What this task involves: Among the records that follow, set down only the lines from the one containing "for name, color, linetype in" to the one containing "doc.layers.add(name, color=color, linetype=linetype)", both included, exactly.
Records section start
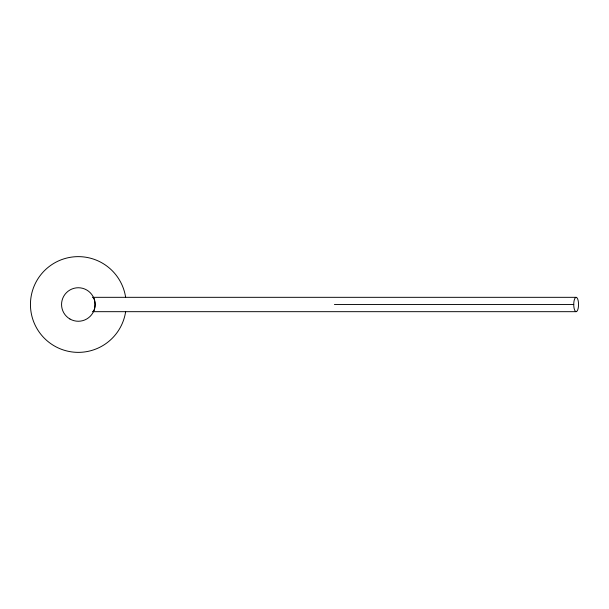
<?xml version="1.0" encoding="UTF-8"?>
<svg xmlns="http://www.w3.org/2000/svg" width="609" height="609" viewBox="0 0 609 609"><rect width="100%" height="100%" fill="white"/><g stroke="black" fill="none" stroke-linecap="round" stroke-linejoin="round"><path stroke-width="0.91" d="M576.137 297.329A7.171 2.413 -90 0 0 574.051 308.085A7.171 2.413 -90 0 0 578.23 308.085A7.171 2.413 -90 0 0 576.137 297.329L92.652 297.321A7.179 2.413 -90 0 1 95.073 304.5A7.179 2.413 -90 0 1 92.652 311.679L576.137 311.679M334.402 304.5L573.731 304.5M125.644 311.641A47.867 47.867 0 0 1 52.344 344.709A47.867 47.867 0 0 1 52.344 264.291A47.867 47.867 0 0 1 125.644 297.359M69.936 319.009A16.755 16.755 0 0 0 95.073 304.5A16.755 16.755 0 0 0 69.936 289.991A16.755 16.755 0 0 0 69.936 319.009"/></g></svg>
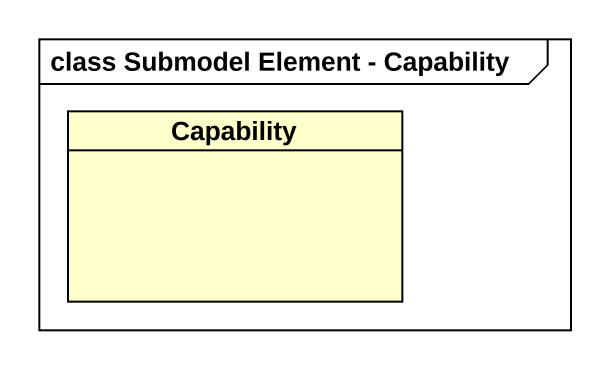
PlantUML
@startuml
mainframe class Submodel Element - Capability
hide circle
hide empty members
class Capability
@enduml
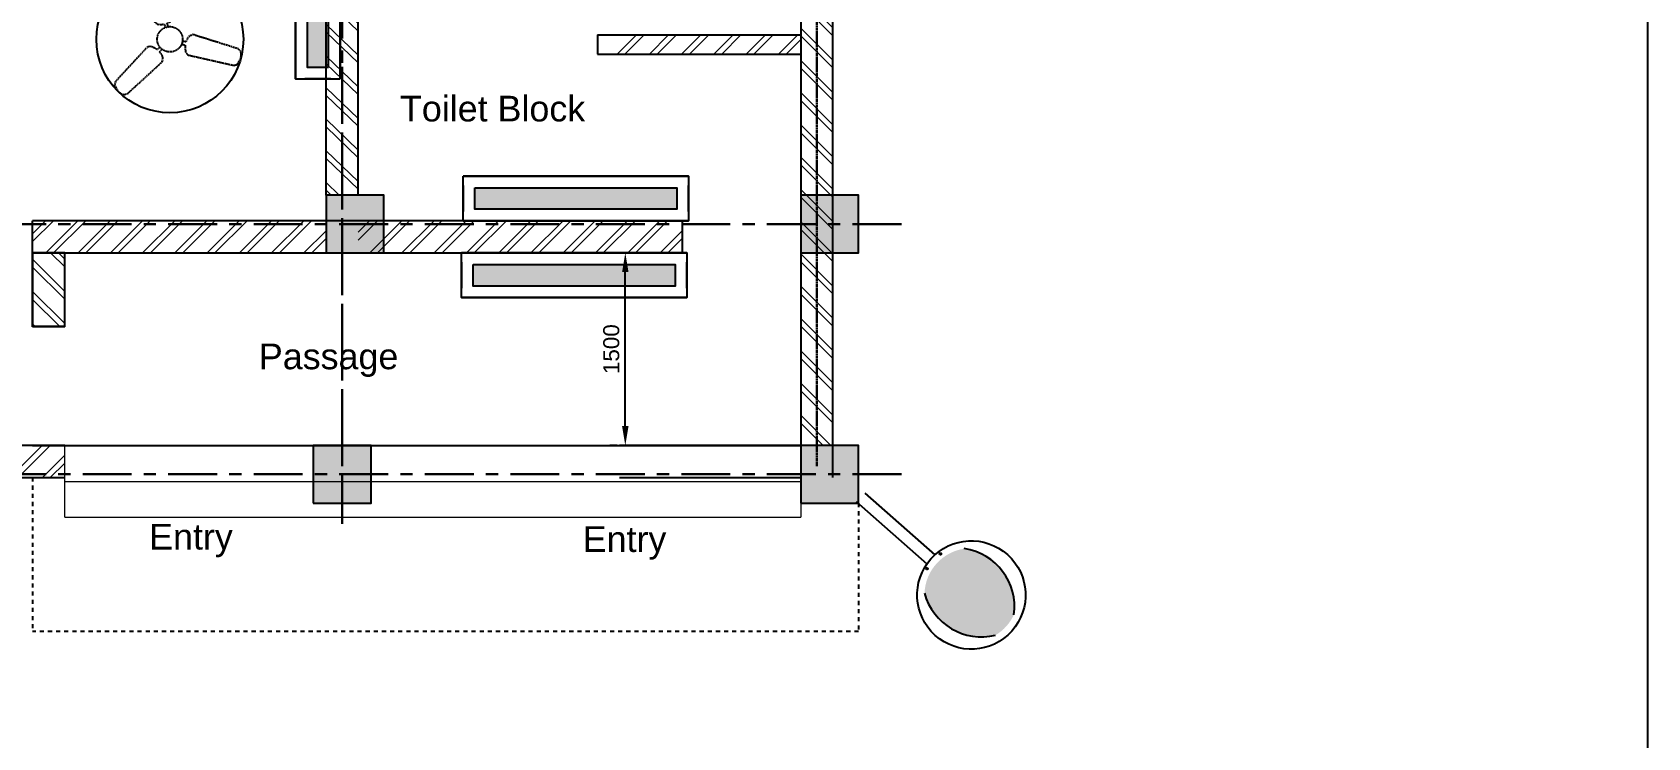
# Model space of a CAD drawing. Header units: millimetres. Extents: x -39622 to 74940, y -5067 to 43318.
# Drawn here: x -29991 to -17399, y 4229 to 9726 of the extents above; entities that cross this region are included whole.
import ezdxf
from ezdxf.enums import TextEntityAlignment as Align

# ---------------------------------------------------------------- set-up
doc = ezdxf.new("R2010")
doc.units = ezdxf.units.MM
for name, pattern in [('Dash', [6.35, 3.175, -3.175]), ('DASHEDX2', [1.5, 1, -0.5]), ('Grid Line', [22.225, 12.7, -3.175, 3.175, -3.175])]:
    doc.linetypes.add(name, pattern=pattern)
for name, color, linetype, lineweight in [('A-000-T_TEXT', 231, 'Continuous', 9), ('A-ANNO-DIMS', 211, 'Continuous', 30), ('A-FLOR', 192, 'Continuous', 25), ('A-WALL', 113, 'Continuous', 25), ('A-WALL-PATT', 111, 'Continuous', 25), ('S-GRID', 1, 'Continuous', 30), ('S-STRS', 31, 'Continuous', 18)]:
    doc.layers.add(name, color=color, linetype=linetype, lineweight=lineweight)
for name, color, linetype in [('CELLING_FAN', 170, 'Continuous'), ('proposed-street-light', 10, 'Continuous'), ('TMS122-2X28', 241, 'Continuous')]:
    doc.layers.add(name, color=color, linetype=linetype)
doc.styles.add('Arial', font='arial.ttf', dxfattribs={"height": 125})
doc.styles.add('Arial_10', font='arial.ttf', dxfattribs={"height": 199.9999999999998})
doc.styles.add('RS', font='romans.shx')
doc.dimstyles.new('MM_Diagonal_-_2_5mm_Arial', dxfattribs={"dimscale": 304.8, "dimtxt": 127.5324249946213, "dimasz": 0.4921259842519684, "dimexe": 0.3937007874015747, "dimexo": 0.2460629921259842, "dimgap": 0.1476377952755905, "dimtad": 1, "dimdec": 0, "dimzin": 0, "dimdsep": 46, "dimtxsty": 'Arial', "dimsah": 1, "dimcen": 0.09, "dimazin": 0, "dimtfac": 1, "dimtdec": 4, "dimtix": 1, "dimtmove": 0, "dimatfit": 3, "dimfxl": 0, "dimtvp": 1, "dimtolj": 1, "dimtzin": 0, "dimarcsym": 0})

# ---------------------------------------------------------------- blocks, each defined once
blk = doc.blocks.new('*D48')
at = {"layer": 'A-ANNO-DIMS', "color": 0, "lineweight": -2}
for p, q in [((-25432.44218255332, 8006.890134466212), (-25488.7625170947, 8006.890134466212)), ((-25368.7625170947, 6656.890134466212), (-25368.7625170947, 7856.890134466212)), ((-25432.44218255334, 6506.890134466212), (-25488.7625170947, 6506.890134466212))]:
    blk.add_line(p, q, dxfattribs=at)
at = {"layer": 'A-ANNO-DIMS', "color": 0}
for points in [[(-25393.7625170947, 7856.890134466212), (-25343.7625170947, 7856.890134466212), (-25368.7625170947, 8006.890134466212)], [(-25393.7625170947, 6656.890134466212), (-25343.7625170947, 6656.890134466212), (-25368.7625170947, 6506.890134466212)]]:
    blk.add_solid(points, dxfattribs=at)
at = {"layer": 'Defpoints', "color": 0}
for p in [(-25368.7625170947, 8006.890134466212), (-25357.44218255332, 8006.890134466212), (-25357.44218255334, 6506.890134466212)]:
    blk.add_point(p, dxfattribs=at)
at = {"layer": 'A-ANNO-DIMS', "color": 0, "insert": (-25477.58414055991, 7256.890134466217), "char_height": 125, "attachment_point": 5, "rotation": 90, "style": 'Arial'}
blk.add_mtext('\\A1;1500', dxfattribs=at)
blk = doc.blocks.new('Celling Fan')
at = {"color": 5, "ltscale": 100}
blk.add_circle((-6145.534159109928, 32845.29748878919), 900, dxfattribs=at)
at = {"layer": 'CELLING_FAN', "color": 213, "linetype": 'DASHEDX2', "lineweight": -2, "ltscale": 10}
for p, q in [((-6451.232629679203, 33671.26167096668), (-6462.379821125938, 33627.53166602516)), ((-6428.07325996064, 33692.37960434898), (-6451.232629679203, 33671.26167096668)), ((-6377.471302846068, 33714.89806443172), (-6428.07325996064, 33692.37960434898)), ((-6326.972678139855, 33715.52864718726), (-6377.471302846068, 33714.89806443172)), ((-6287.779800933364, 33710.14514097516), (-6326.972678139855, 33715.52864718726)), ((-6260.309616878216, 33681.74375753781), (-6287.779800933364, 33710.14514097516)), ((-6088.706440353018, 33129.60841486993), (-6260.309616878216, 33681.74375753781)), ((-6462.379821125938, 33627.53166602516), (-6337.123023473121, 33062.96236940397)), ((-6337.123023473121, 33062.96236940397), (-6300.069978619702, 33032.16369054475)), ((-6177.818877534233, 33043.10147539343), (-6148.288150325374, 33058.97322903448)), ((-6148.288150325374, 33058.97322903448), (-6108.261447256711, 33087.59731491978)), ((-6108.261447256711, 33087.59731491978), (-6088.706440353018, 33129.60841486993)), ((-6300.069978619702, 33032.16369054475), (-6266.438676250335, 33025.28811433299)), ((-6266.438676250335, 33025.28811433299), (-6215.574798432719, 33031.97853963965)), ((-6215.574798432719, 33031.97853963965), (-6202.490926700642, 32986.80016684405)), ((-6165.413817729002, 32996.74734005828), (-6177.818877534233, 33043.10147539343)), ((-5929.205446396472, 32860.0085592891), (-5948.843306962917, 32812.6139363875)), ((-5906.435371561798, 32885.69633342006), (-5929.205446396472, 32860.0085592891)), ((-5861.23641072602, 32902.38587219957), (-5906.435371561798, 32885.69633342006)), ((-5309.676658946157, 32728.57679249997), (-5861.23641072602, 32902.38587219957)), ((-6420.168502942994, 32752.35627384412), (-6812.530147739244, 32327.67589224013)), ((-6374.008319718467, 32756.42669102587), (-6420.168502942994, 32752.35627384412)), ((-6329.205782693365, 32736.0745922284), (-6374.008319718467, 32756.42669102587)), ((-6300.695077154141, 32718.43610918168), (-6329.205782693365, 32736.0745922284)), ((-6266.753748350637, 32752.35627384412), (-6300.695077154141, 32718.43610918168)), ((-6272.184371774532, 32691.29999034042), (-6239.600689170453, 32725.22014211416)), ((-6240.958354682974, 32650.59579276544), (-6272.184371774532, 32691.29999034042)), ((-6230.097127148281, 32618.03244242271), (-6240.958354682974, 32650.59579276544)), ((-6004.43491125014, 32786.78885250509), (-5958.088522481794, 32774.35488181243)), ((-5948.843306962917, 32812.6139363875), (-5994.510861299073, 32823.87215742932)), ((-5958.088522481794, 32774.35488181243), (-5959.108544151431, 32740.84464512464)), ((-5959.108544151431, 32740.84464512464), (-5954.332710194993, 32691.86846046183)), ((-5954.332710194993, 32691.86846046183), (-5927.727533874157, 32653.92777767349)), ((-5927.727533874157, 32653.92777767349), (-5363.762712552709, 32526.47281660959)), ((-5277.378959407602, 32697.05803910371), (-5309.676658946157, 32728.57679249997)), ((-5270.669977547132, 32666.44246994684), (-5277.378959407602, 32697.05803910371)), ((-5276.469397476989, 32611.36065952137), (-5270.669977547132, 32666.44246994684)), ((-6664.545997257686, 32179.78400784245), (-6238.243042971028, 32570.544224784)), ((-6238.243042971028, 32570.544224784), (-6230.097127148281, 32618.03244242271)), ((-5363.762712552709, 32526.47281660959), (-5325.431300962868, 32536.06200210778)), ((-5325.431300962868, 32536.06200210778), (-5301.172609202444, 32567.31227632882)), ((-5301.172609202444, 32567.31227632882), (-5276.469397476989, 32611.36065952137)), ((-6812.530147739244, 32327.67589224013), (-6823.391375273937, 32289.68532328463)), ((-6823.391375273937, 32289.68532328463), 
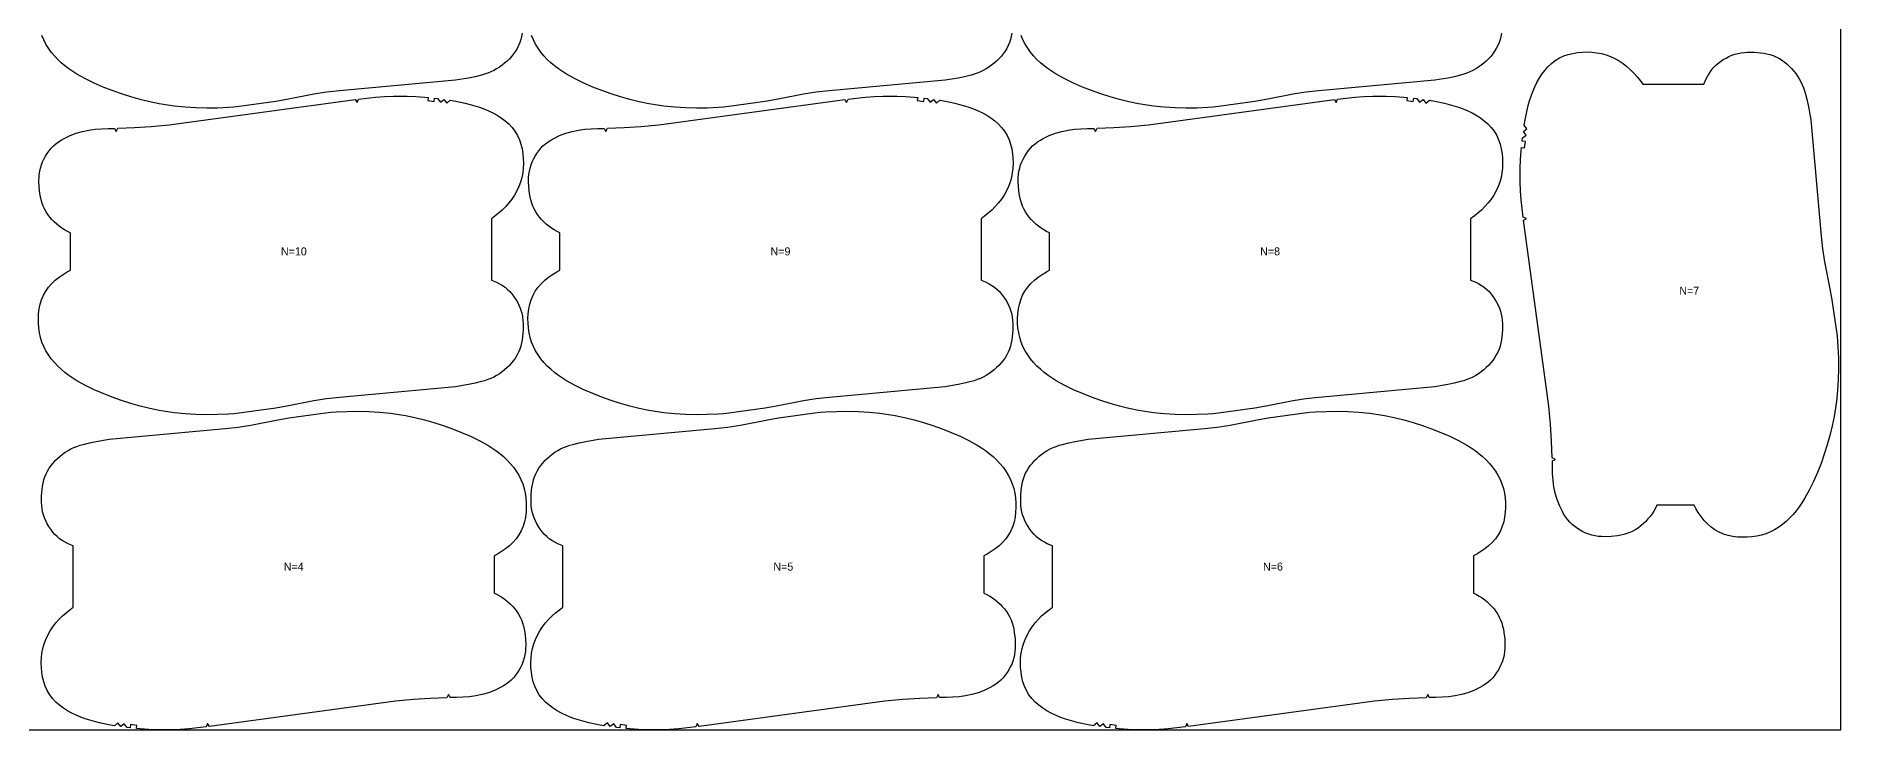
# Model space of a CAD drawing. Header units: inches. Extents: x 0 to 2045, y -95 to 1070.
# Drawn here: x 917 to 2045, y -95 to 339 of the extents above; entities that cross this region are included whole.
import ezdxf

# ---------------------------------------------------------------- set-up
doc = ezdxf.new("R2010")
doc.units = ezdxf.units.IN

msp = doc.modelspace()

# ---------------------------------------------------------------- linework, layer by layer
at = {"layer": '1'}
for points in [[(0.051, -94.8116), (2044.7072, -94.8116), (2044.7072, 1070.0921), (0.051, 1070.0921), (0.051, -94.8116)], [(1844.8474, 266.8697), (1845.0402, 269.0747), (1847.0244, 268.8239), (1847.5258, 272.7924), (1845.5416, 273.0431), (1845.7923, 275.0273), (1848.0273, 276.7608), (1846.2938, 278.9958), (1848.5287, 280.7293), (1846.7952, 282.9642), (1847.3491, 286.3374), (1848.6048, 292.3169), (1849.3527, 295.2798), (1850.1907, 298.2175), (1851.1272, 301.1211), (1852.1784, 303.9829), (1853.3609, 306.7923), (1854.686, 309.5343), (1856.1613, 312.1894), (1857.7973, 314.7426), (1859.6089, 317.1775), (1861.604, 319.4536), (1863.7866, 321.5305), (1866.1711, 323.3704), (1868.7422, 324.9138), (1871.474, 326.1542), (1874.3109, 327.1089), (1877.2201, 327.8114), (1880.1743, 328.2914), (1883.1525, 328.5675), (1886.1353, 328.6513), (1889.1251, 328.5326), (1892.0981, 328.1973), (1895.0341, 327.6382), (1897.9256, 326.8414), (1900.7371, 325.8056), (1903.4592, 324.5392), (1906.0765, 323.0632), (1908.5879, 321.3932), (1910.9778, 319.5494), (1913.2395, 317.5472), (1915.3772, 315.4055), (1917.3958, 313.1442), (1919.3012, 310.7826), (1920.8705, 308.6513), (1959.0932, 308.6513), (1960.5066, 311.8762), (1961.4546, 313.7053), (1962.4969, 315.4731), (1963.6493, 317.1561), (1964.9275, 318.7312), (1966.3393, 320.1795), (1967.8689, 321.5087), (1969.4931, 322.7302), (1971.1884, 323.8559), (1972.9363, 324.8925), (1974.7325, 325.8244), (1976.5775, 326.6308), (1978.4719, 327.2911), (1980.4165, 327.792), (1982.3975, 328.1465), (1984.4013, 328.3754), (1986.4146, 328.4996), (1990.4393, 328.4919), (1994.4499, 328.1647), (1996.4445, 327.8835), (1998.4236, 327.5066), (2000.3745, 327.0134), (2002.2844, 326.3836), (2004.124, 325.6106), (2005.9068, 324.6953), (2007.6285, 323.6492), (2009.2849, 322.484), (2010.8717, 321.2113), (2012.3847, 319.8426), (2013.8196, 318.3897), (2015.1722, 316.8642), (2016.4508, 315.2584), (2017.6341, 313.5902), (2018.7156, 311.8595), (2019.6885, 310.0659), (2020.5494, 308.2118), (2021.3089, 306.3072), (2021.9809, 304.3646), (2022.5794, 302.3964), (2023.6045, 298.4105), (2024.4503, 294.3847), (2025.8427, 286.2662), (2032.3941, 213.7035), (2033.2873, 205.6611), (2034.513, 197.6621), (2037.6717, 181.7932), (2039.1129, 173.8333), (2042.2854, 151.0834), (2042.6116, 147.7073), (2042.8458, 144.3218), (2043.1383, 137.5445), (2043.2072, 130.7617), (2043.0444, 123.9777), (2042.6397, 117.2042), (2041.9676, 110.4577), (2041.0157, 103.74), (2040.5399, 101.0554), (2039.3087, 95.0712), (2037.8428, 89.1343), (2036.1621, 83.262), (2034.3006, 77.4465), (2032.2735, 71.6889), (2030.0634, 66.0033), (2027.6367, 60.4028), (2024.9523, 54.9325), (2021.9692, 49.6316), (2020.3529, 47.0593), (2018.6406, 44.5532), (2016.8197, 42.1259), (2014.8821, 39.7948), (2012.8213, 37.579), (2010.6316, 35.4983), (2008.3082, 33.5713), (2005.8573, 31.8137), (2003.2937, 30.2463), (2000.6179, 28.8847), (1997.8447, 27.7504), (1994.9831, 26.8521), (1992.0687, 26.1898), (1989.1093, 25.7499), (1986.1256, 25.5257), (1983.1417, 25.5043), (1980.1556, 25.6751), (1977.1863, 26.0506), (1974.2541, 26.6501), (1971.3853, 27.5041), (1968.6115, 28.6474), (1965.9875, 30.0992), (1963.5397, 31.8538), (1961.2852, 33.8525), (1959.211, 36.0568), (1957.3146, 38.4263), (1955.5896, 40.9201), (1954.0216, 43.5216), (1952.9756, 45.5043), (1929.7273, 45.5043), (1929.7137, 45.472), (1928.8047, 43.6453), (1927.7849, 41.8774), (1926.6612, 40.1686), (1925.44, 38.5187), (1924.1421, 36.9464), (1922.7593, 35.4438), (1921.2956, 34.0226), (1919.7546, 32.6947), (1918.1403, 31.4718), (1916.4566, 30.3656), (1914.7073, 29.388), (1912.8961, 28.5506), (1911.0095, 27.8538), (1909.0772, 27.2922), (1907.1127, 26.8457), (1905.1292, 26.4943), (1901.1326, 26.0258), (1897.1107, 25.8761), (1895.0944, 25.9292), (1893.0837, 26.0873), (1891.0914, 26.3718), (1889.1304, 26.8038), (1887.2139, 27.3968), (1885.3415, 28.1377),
Records section end
Solution to this exercise:
for name, color, linetype in [('CELLING_FAN', 170, 'Continuous'), ('proposed-street-light', 10, 'Continuous'), ('TMS122-2X28', 241, 'Continuous')]:
    doc.layers.add(name, color=color, linetype=linetype)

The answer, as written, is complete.